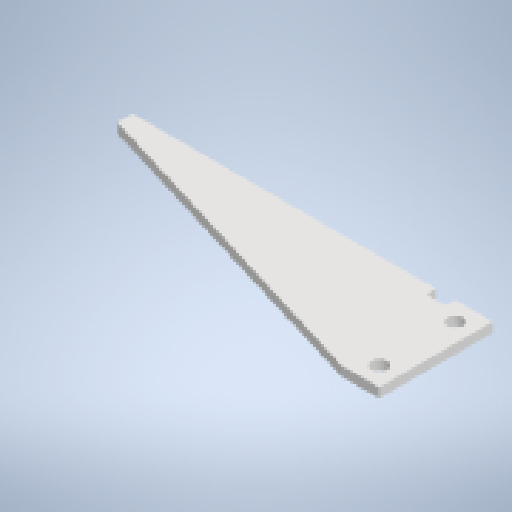
# Autodesk Inventor part: Gripper triangle
Saved by Autodesk Inventor 2023 (Build 270158000, 158)
## iProperties
Created: 2023-02-27
Part Number: Gripper triangle
Material: Generic
Document SubType Name: Modeling
Designer: Gabriel - T3 CAD
Density: 1 g/cm^3
Appearance: Default
Author: Gabriel - T3 CAD
Autodesk Inventor part; units mm, degrees
ref_plane "YZ Plane" through (0, 0, 0) normal (1, 0, 0) x (0, 1, 0)
ref_plane "XZ Plane" through (0, 0, 0) normal (0, 1, 0) x (-1, 0, 0)
ref_plane "XY Plane" through (0, 0, 0) normal (0, 0, 1) x (1, 0, 0)
sketch "Sketch1" plane through (0, 0, 0) normal (0, 1, 0) x (-1, 0, 0)
  line L0 (0, 0) -> (12.7, 0)
  line L1 (12.7, 0) -> (12.7, 38.1)
  line L2 (12.7, 38.1) -> (0, 38.1)
  line L3 (0, 38.1) -> (0, 0)
  circle A0 centre (6.35, 31.75) radius 2.5797
  circle A1 centre (6.35, 6.35) radius 2.5797
  line L4 (0, 0) -> (127, 0)
  line L5 (127, 0) -> (127, 3.175)
  line L6 (127, 3.175) -> (0, 3.175)
  line L7 (0, 3.175) -> (0, 0)
  line L8 (12.7, 38.1) -> (127, 3.175)
  line L9 (0, 3.175) -> (127, 3.175)
  line L10 (127, 3.175) -> (127, 1.5875)
  line L11 (127, 1.5875) -> (0, 1.5875)
  line L12 (0, 1.5875) -> (0, 3.175)
  line L13 (0, 3.175) -> (19.05, 3.175)
  line L14 (19.05, 3.175) -> (19.05, 1.5875)
  line L15 (19.05, 1.5875) -> (0, 1.5875)
  line L16 (0, 1.5875) -> (0, 3.175)
  line L17 (127, 3.175) -> (120.65, 3.175)
  line L18 (120.65, 3.175) -> (120.65, 1.5875)
  line L19 (120.65, 1.5875) -> (127, 1.5875)
  line L20 (127, 1.5875) -> (127, 3.175)
  line L21 (120.65, 3.175) -> (120.65, 5.1153)
  line L22 (127, 0) -> (0, 0)
  line L23 (0, 0) -> (0, -12.7)
  line L24 (0, -12.7) -> (127, -12.7)
  line L25 (127, -12.7) -> (127, 0)
  line L26 (120.65, 1.5875) -> (120.65, 0)
  line L27 (19.05, 1.5875) -> (19.05, 0)
  point P0 (0, 3.175)
  point P1 (0, 1.5875)
  point P2 (120.65, 1.5875)
  point P3 (120.65, 3.175)
  point P4 (19.05, 3.175)
  point P5 (19.05, 1.5875)
  point P6 (120.65, 3.175)
  point P7 (12.7, 1.5875)
  point P8 (12.7, 3.175)
  dimension "d0" = 12.7
  dimension "d1" = 6.35
  dimension "d2" = 6.35
  dimension "d3" = 25.4
  dimension "d5" = 6.35
  dimension "d6" = 5.1594
  dimension "d7" = 127
  dimension "d8" = 3.175
  dimension "d9" = 127
  dimension "d10" = 1.5875
  dimension "d15" = 19.05
  dimension "d16" = 1.5875
  dimension "d17" = 6.35
  dimension "d18" = 1.5875
  dimension "d25" = 12.7
  dimension "d27" = 6.35
  constraints: 56 end point, 12 parallel, 8 perpendicular, 5 horizontal, 3 point on line, 2 centre point, 1 equal radius, 1 vertical
  measures "d0" distance of L2.end L1.end
  measures "d1" distance from line of L3 A0.centre
  measures "d2" distance from line of L3 A1.centre
  measures "d3" distance of A1.centre A0.centre
  measures "d5" distance from line of L2 A0.centre
  measures "d6" diameter of A0
  measures "d7" distance of L6.end L5.end
  measures "d8" distance of L5.end L4.end
  measures "d9" distance of L10.end L11.end
  measures "d10" distance of L9.end L10.end
  measures "d15" distance of L14.end L15.end
  measures "d16" distance of L13.end L14.end
  measures "d17" distance of L19.end L18.end
  measures "d18" distance of L18.end L17.end
  measures "d25" distance between parallel lines of L4 L24
  measures "d27" distance from line of L4 A1.centre
extrude "Extrusion1" add sketch "Sketch1" along normal blind 3.175 contours L3 L11 L1 L0 | L3 L6 L1 L11 | L3 L2 L1 L6 | L1 L8 L21 L6
extrude "Extrusion2" add sketch "Sketch1" along normal up to surface (3.175 mm away) contours L27 L11 L26 L4 | L14 L6 L18 L11
fillet "Fillet1" radius 3.175 3 edges at (-12.7, 1.5875, 0) (0, 1.5875, 0) (0, 1.5875, 38.1)
equation "\"d1\" = d5"
equation "\"d2\" = d21"
equation "\"d5\" = 0.5 * d0"
equation "\"d16\" = d18"
equation "\"d21\" = d5"
body "Solid1"

**Task directions:**
State how many lines of the listing above include the string "circle", with no words around the number.

**Completed task:**
2